I don’t have the slightest idea. For a while I’ve been trying to live my life with the less possible planning and adjusting myself flexibly to life. This might come from the freedom of my profession, but still it’s a long learning process for somebody who used to plan everything. Now I am capable of going to a one-month journey without planning anything apart from the dates of my plane tickets. What will happen in between, is still blurred like in a ballad.
This is quite frightening at first sight, because we always a bit afraid of the unknown, but when you are in a situation, you solve it, because you have to. And because it’s an adventure. And the special peculiarity of the adventure is that it’s unpredictable. You need to be lost sometimes, fight a bit other times and in the meantime, you need to feel it.
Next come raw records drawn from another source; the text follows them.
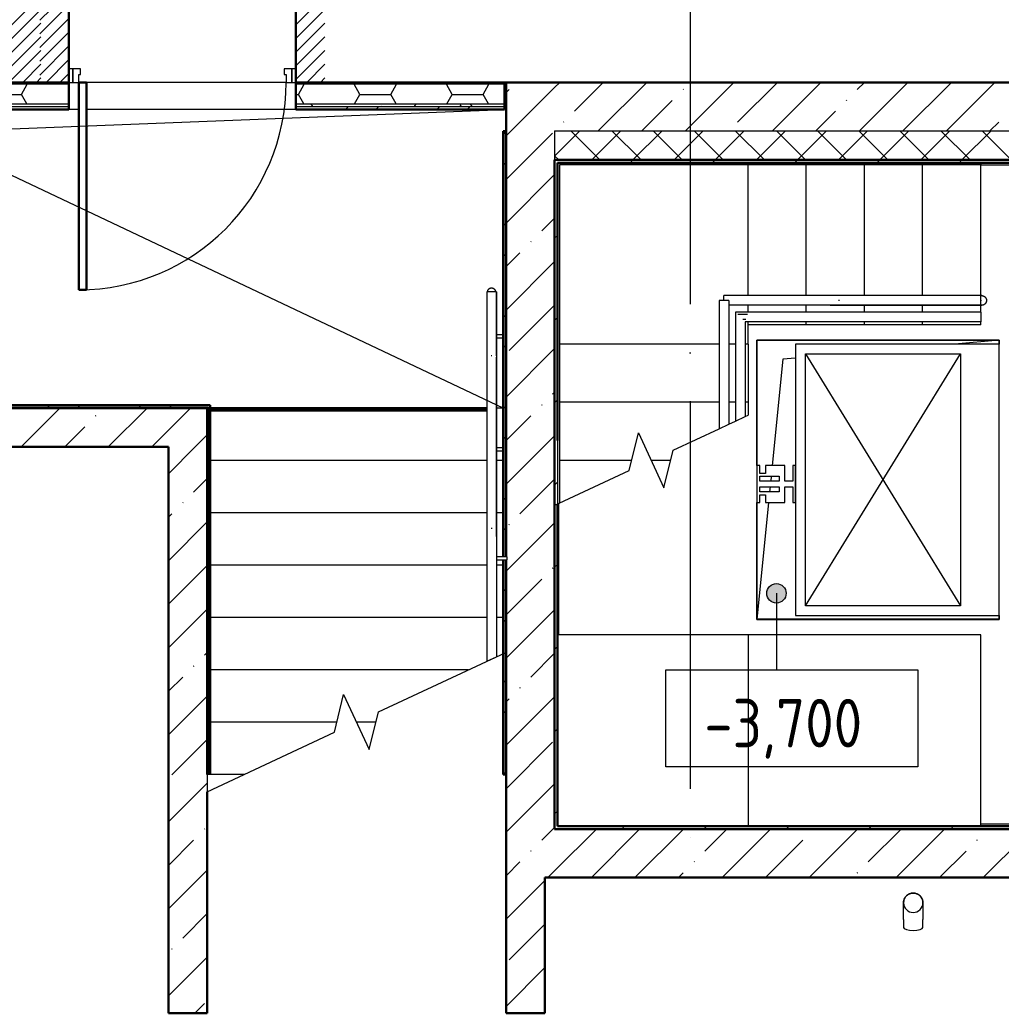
# Model space of a CAD drawing. Header units: millimetres. Extents: x -259809 to 472825, y -397243 to 31861.
# Drawn here: x -183625 to -178563, y -343376 to -338252 of the extents above; entities that cross this region are included whole.
import ezdxf

# ---------------------------------------------------------------- set-up
doc = ezdxf.new("R2010")
doc.units = ezdxf.units.MM
for name, pattern in [('ADSK_Линия сетки', [25, 20, -2.5, 0, -2.5]), ('ADSK_Сверху', [450, 300, -150]), ('ADSK_Штриховая_ш2 п1_5', [4.5, 3, -1.5])]:
    doc.linetypes.add(name, pattern=pattern)
for name, color, linetype, lineweight in [('Аннотация', 252, 'Continuous', 18), ('Двери', 252, 'Continuous', 9), ('Лестницы', 252, 'Continuous', 9), ('Линии', 7, 'Continuous', 9), ('Обобщенные модели', 252, 'Continuous', 18), ('Оборудование', 8, 'Continuous', 18), ('Ограждение', 252, 'Continuous', 9), ('Оси', 252, 'Continuous', 9), ('Отметки', 252, 'Continuous', 9), ('Перекрытие', 252, 'Continuous', 18), ('Стены внутренние', 252, 'Continuous', 18), ('Стены наружные', 252, 'Continuous', 18), ('Стены штриховка', 7, 'Continuous', 9)]:
    doc.layers.add(name, color=color, linetype=linetype, lineweight=lineweight)
doc.styles.add('GOST Common_2', font='', dxfattribs={"width": 0.9, "height": 250})
doc.styles.get('GOST Common_2').set_extended_font_data('GOST type B')
pattern_1 = [(0, (-204731, -798.36), (0, 600), []), (90, (-204731, -798.36), (-600, 4e-14), [])]

# ---------------------------------------------------------------- blocks, each defined once
blk = doc.blocks.new('подвал')
at = {"layer": 'Двери', "lineweight": 18, "true_color": 0x636466}
h = blk.add_hatch(dxfattribs=at)
h.set_pattern_fill('FP_1', color=251, angle=180, style=0, pattern_type=2)
h.set_pattern_definition([(225, (-184251.95, 14336.906), (35.3553, -35.3553), [])])
h.paths.add_polyline_path([(-183517, 14111.9), (-183517, 14561.9), (-183667, 14561.9), (-183667, 14111.9)])
h.paths.add_polyline_path([(-184987, 14111.9), (-184837, 14111.9), (-184837, 14561.9), (-184987, 14561.9)])
h = blk.add_hatch(dxfattribs=at)
h.set_pattern_fill('FP_1', color=251, angle=180, style=0, pattern_type=2)
h.set_pattern_definition([(225, (-182786.95, 14336.906), (35.3553, -35.3553), [])])
h.paths.add_polyline_path([(-182052, 14111.9), (-182052, 14561.9), (-182202, 14561.9), (-182202, 14111.9), (-182065.7, 14111.9)])
h.paths.add_polyline_path([(-183522, 14111.9), (-183372, 14111.9), (-183372, 14561.9), (-183522, 14561.9)])
at = {"layer": 'Ограждение', "true_color": 0x636466}
h = blk.add_hatch(dxfattribs=at)
h.set_pattern_fill('FP_22', color=251, style=0, pattern_type=2)
h.set_pattern_definition(pattern_1)
h.paths.add_polyline_path([(-177543.4, 13686.9), (-176542, 13686.9), (-176552, 13696.9), (-178668.7, 13696.9), (-178668.7, 13686.9)])
h = blk.add_hatch(dxfattribs=at)
h.set_pattern_fill('FP_22', color=251, style=0, pattern_type=2)
h.set_pattern_definition(pattern_1)
h.paths.add_polyline_path([(-180844.2, 11261.9), (-180844.2, 11940.2), (-180852, 11936.6), (-180852, 11261.9)])
h = blk.add_hatch(dxfattribs=at)
h.set_pattern_fill('FP_35', color=251, style=0, pattern_type=2)
h.set_pattern_definition(pattern_1)
h.paths.add_polyline_path([(-177543.4, 10274.9), (-177182, 10274.9), (-177192, 10284.9), (-178668.7, 10284.9), (-178668.7, 10274.9)])
at = {"layer": 'Отметки', "true_color": 0x636466}
h = blk.add_hatch(color=251, dxfattribs=at)
edge = h.paths.add_edge_path()
edge.add_arc((-179722.6, 11476.1), 50, 0, 360)
at = {"layer": 'Аннотация', "color": 251, "lineweight": 20, "true_color": 0x636466}
for p, q in [((-180293.7, 10581), (-180293.7, 11081)), ((-180293.7, 11081), (-178993.7, 11081)), ((-178993.7, 11081), (-178993.7, 10581)), ((-178993.7, 10581), (-180293.7, 10581))]:
    blk.add_line(p, q, dxfattribs=at)
at = {"layer": 'Двери', "color": 251, "linetype": 'ADSK_Штриховая_ш2 п1_5', "true_color": 0x636466}
for p, q in [((-183372, 14111.9), (-183372, 14561.9)), ((-182202, 14561.9), (-182202, 14111.9)), ((-183667, 14111.9), (-183517, 14111.9)), ((-183522, 14111.9), (-183372, 14111.9)), ((-182202, 14111.9), (-182052, 14111.9))]:
    blk.add_line(p, q, dxfattribs=at)
at = {"layer": 'Двери', "color": 251, "true_color": 0x636466}
for p, q in [((-183352, 14181.9), (-183372, 14181.9)), ((-183372, 14181.9), (-183372, 14111.9)), ((-183352, 14181.9), (-183352, 14111.9)), ((-183312, 14181.9), (-183352, 14181.9)), ((-183352, 14111.9), (-183352, 14181.9)), ((-183322, 14111.9), (-183322, 14151.9)), ((-183322, 14151.9), (-183312, 14151.9)), ((-183312, 14151.9), (-183312, 14181.9)), ((-182222, 14181.9), (-182262, 14181.9)), ((-182262, 14181.9), (-182262, 14151.9)), ((-182262, 14151.9), (-182252, 14151.9)), ((-182252, 14151.9), (-182252, 14111.9)), ((-182222, 14111.9), (-182222, 14181.9)), ((-182222, 14181.9), (-182222, 14111.9)), ((-182202, 14181.9), (-182222, 14181.9)), ((-182202, 14111.9), (-182202, 14181.9)), ((-183372, 14111.9), (-183352, 14111.9)), ((-183352, 14111.9), (-183322, 14111.9)), ((-182252, 14111.9), (-182222, 14111.9)), ((-182222, 14111.9), (-182202, 14111.9))]:
    blk.add_line(p, q, dxfattribs=at)
at = {"layer": 'Двери', "color": 251, "lineweight": 30, "true_color": 0x636466}
for p, q in [((-183282, 14111.9), (-183322, 14111.9)), ((-183322, 14111.9), (-183322, 13041.9)), ((-183282, 13041.9), (-183282, 14111.9)), ((-183322, 13041.9), (-183282, 13041.9))]:
    blk.add_line(p, q, dxfattribs=at)
at = {"layer": 'Двери', "color": 251, "true_color": 0x636466}
blk.add_arc((-183322, 14111.9), 1070, 270, 0, dxfattribs=at)
at = {"layer": 'Лестницы', "color": 251, "true_color": 0x636466}
for p, q in [((-179868.7, 13011.9), (-179868.7, 13686.9)), ((-179868.7, 13011.9), (-179868.7, 13686.9)), ((-179568.7, 13011.9), (-179568.7, 13686.9)), ((-179568.7, 13011.9), (-179568.7, 13686.9)), ((-179268.7, 13011.9), (-179268.7, 13686.9)), ((-179268.7, 13011.9), (-179268.7, 13686.9)), ((-178968.7, 13011.9), (-178968.7, 13686.9)), ((-178968.7, 13011.9), (-178968.7, 13686.9)), ((-178668.7, 13011.9), (-178668.7, 13686.9)), ((-178668.7, 13011.9), (-178668.7, 13686.9)), ((-179868.7, 12926.9), (-179868.7, 12961.9)), ((-179868.7, 12926.9), (-179868.7, 12961.9)), ((-179568.7, 12926.9), (-179568.7, 12961.9)), ((-179568.7, 12926.9), (-179568.7, 12961.9)), ((-179268.7, 12926.9), (-179268.7, 12961.9)), ((-179268.7, 12926.9), (-179268.7, 12961.9)), ((-178968.7, 12926.9), (-178968.7, 12961.9)), ((-178968.7, 12926.9), (-178968.7, 12961.9)), ((-178668.7, 12926.9), (-178668.7, 12961.9)), ((-178668.7, 12926.9), (-178668.7, 12961.9)), ((-179868.7, 12861.9), (-179868.7, 12876.9)), ((-179868.7, 12861.9), (-179868.7, 12876.9)), ((-179868.7, 12761.9), (-179868.7, 12861.9)), ((-179568.7, 12861.9), (-179868.7, 12861.9)), ((-179568.7, 12861.9), (-179568.7, 12876.9)), ((-179568.7, 12861.9), (-179568.7, 12876.9)), ((-179268.7, 12861.9), (-179568.7, 12861.9)), ((-179268.7, 12861.9), (-179268.7, 12876.9)), ((-179268.7, 12861.9), (-179268.7, 12876.9)), ((-178968.7, 12861.9), (-179268.7, 12861.9)), ((-178968.7, 12861.9), (-178968.7, 12876.9)), ((-178968.7, 12861.9), (-178968.7, 12876.9)), ((-178668.7, 12861.9), (-178968.7, 12861.9)), ((-178668.7, 12861.9), (-178668.7, 12876.9)), ((-178668.7, 12861.9), (-178668.7, 12876.9)), ((-180018.7, 12761.9), (-180842, 12761.9)), ((-180018.7, 12761.9), (-180842, 12761.9)), ((-179933.7, 12761.9), (-179968.7, 12761.9)), ((-179933.7, 12761.9), (-179968.7, 12761.9)), ((-179868.7, 12761.9), (-179883.7, 12761.9)), ((-179868.7, 12761.9), (-179883.7, 12761.9)), ((-179868.7, 12761.9), (-179868.7, 12461.9)), ((-180018.7, 12461.9), (-180842, 12461.9)), ((-180018.7, 12461.9), (-180842, 12461.9)), ((-179933.7, 12461.9), (-179968.7, 12461.9)), ((-179933.7, 12461.9), (-179968.7, 12461.9)), ((-179868.7, 12461.9), (-179883.7, 12461.9)), ((-179868.7, 12461.9), (-179883.7, 12461.9)), ((-179868.7, 12461.9), (-179868.7, 12395.1)), ((-181217.8, 12431.9), (-181220.7, 12431.9)), ((-181217.8, 12431.9), (-181220.7, 12431.9)), ((-181132, 12431.9), (-181167.2, 12431.9)), ((-181132, 12431.9), (-181167.2, 12431.9)), ((-179968.7, 12348.4), (-179933.7, 12364.7)), ((-179883.7, 12388.1), (-179868.7, 12395.1)), ((-180482, 12109.1), (-180434.7, 12303.5)), ((-180434.7, 12303.5), (-180302.7, 12020.3)), ((-180255.4, 12214.7), (-180018.7, 12325.1)), ((-180302.7, 12020.3), (-180255.4, 12214.7)), ((-181217.8, 12161.9), (-182644.2, 12161.9)), ((-181217.8, 12161.9), (-182644.2, 12161.9)), ((-181132, 12161.9), (-181167.2, 12161.9)), ((-181132, 12161.9), (-181167.2, 12161.9)), ((-180469.2, 12161.9), (-180842, 12161.9)), ((-180469.2, 12161.9), (-180842, 12161.9)), ((-180268.3, 12161.9), (-180368.7, 12161.9)), ((-180268.3, 12161.9), (-180368.7, 12161.9)), ((-180868.7, 11928.8), (-180482, 12109.1)), ((-181217.8, 11891.9), (-182644.2, 11891.9)), ((-181217.8, 11891.9), (-182644.2, 11891.9)), ((-181132, 11891.9), (-181167.2, 11891.9)), ((-181132, 11891.9), (-181167.2, 11891.9)), ((-181217.8, 11621.9), (-182644.2, 11621.9)), ((-181217.8, 11621.9), (-182644.2, 11621.9)), ((-181132, 11621.9), (-181167.2, 11621.9)), ((-181132, 11621.9), (-181167.2, 11621.9)), ((-181217.2, 11351.9), (-182644.2, 11351.9)), ((-181217.2, 11351.9), (-182644.2, 11351.9)), ((-181132, 11351.9), (-181167.2, 11351.9)), ((-181132, 11351.9), (-181167.2, 11351.9)), ((-181775.9, 10864.7), (-181119.2, 11171)), ((-181310.2, 11081.9), (-182644.2, 11081.9)), ((-181310.2, 11081.9), (-182644.2, 11081.9)), ((-182002.5, 10759.1), (-181955.2, 10953.5)), ((-181955.2, 10953.5), (-181823.2, 10670.3)), ((-181823.2, 10670.3), (-181775.9, 10864.7)), ((-181989.6, 10811.9), (-182644.2, 10811.9)), ((-181989.6, 10811.9), (-182644.2, 10811.9)), ((-181788.7, 10811.9), (-181889.2, 10811.9)), ((-181788.7, 10811.9), (-181889.2, 10811.9)), ((-182659.2, 10452.8), (-182002.5, 10759.1)), ((-182659.2, 10541.9), (-182659.2, 10452.8)), ((-182468.2, 10541.9), (-182659.2, 10541.9)), ((-182468.2, 10541.9), (-182659.2, 10541.9))]:
    blk.add_line(p, q, dxfattribs=at)
at = {"layer": 'Линии', "color": 251, "linetype": 'ADSK_Сверху', "ltscale": 100, "true_color": 0x636466}
for p, q in [((-183667, 13871.9), (-181124.5, 13971.9)), ((-181132, 12431.9), (-183667, 13631.9))]:
    blk.add_line(p, q, dxfattribs=at)
at = {"layer": 'Обобщенные модели', "color": 251, "true_color": 0x636466}
for p, q in [((-179067, 9793.5), (-179067, 9752.8)), ((-178967, 9752.8), (-178967, 9793.5))]:
    blk.add_line(p, q, dxfattribs=at)
at = {"layer": 'Обобщенные модели', "color": 251, "true_color": 0x636466, "flags": 128}
for points in [[(-179067, 9879.9), (-179066.9, 9881.9), (-179066.8, 9883.9), (-179066.6, 9885.9), (-179066.3, 9887.9), (-179066, 9889.8), (-179065.5, 9891.8), (-179065, 9893.7), (-179064.4, 9895.6), (-179063.7, 9897.5), (-179063, 9899.4), (-179062.2, 9901.2), (-179061.3, 9903), (-179060.3, 9904.7), (-179059.3, 9906.5), (-179058.2, 9908.1), (-179057.1, 9909.8), (-179055.8, 9911.3), (-179054.5, 9912.9), (-179053.2, 9914.4), (-179051.8, 9915.8), (-179050.3, 9917.1), (-179048.8, 9918.4), (-179047.2, 9919.7), (-179045.6, 9920.9), (-179044, 9922), (-179042.3, 9923), (-179040.5, 9924), (-179038.7, 9924.9), (-179036.9, 9925.7), (-179035.1, 9926.5), (-179033.2, 9927.2), (-179031.3, 9927.8), (-179029.4, 9928.3), (-179027.4, 9928.8), (-179025.4, 9929.2), (-179023.5, 9929.5), (-179021.5, 9929.7), (-179019.5, 9929.8), (-179017.5, 9929.9), (-179017, 9929.9)], [(-179017, 9929.9), (-179015, 9929.9), (-179013, 9929.7), (-179011, 9929.5), (-179009, 9929.3), (-179007, 9928.9), (-179005.1, 9928.5), (-179003.1, 9928), (-179001.2, 9927.4), (-178999.3, 9926.7), (-178997.5, 9926), (-178995.7, 9925.1), (-178993.9, 9924.3), (-178992.1, 9923.3), (-178990.4, 9922.3), (-178988.7, 9921.2), (-178987.1, 9920), (-178985.5, 9918.8), (-178984, 9917.5), (-178982.5, 9916.1), (-178981.1, 9914.7), (-178979.7, 9913.3), (-178978.4, 9911.8), (-178977.2, 9910.2), (-178976, 9908.6), (-178974.9, 9906.9), (-178973.8, 9905.2), (-178972.9, 9903.5), (-178971.9, 9901.7), (-178971.1, 9899.9), (-178970.3, 9898), (-178969.7, 9896.1), (-178969, 9894.2), (-178968.5, 9892.3), (-178968.1, 9890.4), (-178967.7, 9888.4), (-178967.4, 9886.4), (-178967.2, 9884.4), (-178967, 9882.4), (-178967, 9880.4), (-178967, 9879.9)], [(-179067, 9793.5), (-179067, 9798.3), (-179067, 9802.9), (-179067, 9807.5), (-179067, 9812), (-179067, 9816.4), (-179067, 9820.7), (-179067, 9824.9), (-179067, 9829), (-179067, 9832.9), (-179067, 9836.8), (-179067, 9840.5), (-179067, 9844.1), (-179067, 9847.5), (-179067, 9850.8), (-179067, 9853.9), (-179067, 9856.9), (-179067, 9859.7), (-179067, 9862.3), (-179067, 9864.8), (-179067, 9867.1), (-179067, 9869.2), (-179067, 9871.1), (-179067, 9872.9), (-179067, 9874.4), (-179067, 9875.8), (-179067, 9877), (-179067, 9878), (-179067, 9878.7), (-179067, 9879.3), (-179067, 9879.7), (-179067, 9879.9), (-179067, 9879.9)], [(-178967, 9879.9), (-178967, 9879.8), (-178967, 9879.5), (-178967, 9879), (-178967, 9878.3), (-178967, 9877.4), (-178967, 9876.3), (-178967, 9875), (-178967, 9873.6), (-178967, 9871.9), (-178967, 9870), (-178967, 9868), (-178967, 9865.8), (-178967, 9863.4), (-178967, 9860.8), (-178967, 9858.1), (-178967, 9855.2), (-178967, 9852.1), (-178967, 9848.9), (-178967, 9845.5), (-178967, 9842), (-178967, 9838.3), (-178967, 9834.5), (-178967, 9830.6), (-178967, 9826.6), (-178967, 9822.4), (-178967, 9818.2), (-178967, 9813.8), (-178967, 9809.4), (-178967, 9804.8), (-178967, 9800.2), (-178967, 9795.5), (-178967, 9793.5)]]:
    blk.add_lwpolyline(points, dxfattribs=at)
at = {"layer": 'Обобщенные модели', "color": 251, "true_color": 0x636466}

So I’ll grab my camera, stuff a backpack with tent, sleeping bag and other camping gear and leave.
‘I am going to put myself in the way of beauty’ as the girl in the Wild movie says who walked 1100 miles to find her best self again after a personal tragedy. I am fortunate enough not to have a personal tragedy, only some longing for adventures. But going to put myself in the way of beauty with the same enthusiasm.
When the idea of a journey first hits you with experience in nomad lifestyle converging to zero, you can choose between two options: either it’s an insane thing to do (well, let’s say exaggerated self-confidence at least) or an opportunity. I’ve chosen the second. Reni, a Hungarian girl played a big role in this – she writes the Highest, deepest and everything in between blog and she’s one of the toughest women I know. In Singapore she decided to ride a bike back home to Hungary without having experience in cycling. ‘I thought if this calling is for me, the answers will come for sure.’ she wrote and this sentence of her was imprinted in my mind.
You are not alone
And if this is your road to walk on, the answers start to come indeed. I got tons of messages encouraging me and not allowing me to beat a retreat. Zoli who I haven’t seen before, offered me his tent and thanks to Gergő I won’t loose its poles from my hand luggage immediately at Budapest Airport security checkpoint. Barna lends me his sleeping bag, Peti his power bank, Attila his constructive ideas, and Renatas (and many more, sorry for not listing every one of you) some useful advice. Guys seem to be over representing this nomad thing, we women might have more difficulties stepping out of our lives. Anyway, I am so grateful for all the guys for helping me out and for all the girls for standing by me.)
Best of all, Olympus offered me a mirrorless camera travel buddy for my journey, so problem of ‘how-the-hell-should-I-carry-my-extremely-heavy-dslr-on-me’ is also solved. My journey seems to be on the right track, just no need to be over-concerned.
I know everything will be all right because it seems that I can get every kind of help necessary to make this happen. So soon I’ll be on my way. There won’t be new blog posts on Mind the Map, nor new pics on facebook or instagram. My social life goes on summer holiday as well. And I’m pretty contented with this.
A month of silence is due to come. Symbolic silence also. Silence for the blog, but what’s more important, silence for my always analyzing brain too.
See you in August, have a wonderful summer and don’t forget to switch on the ‘OFF’ button in your head sometimes.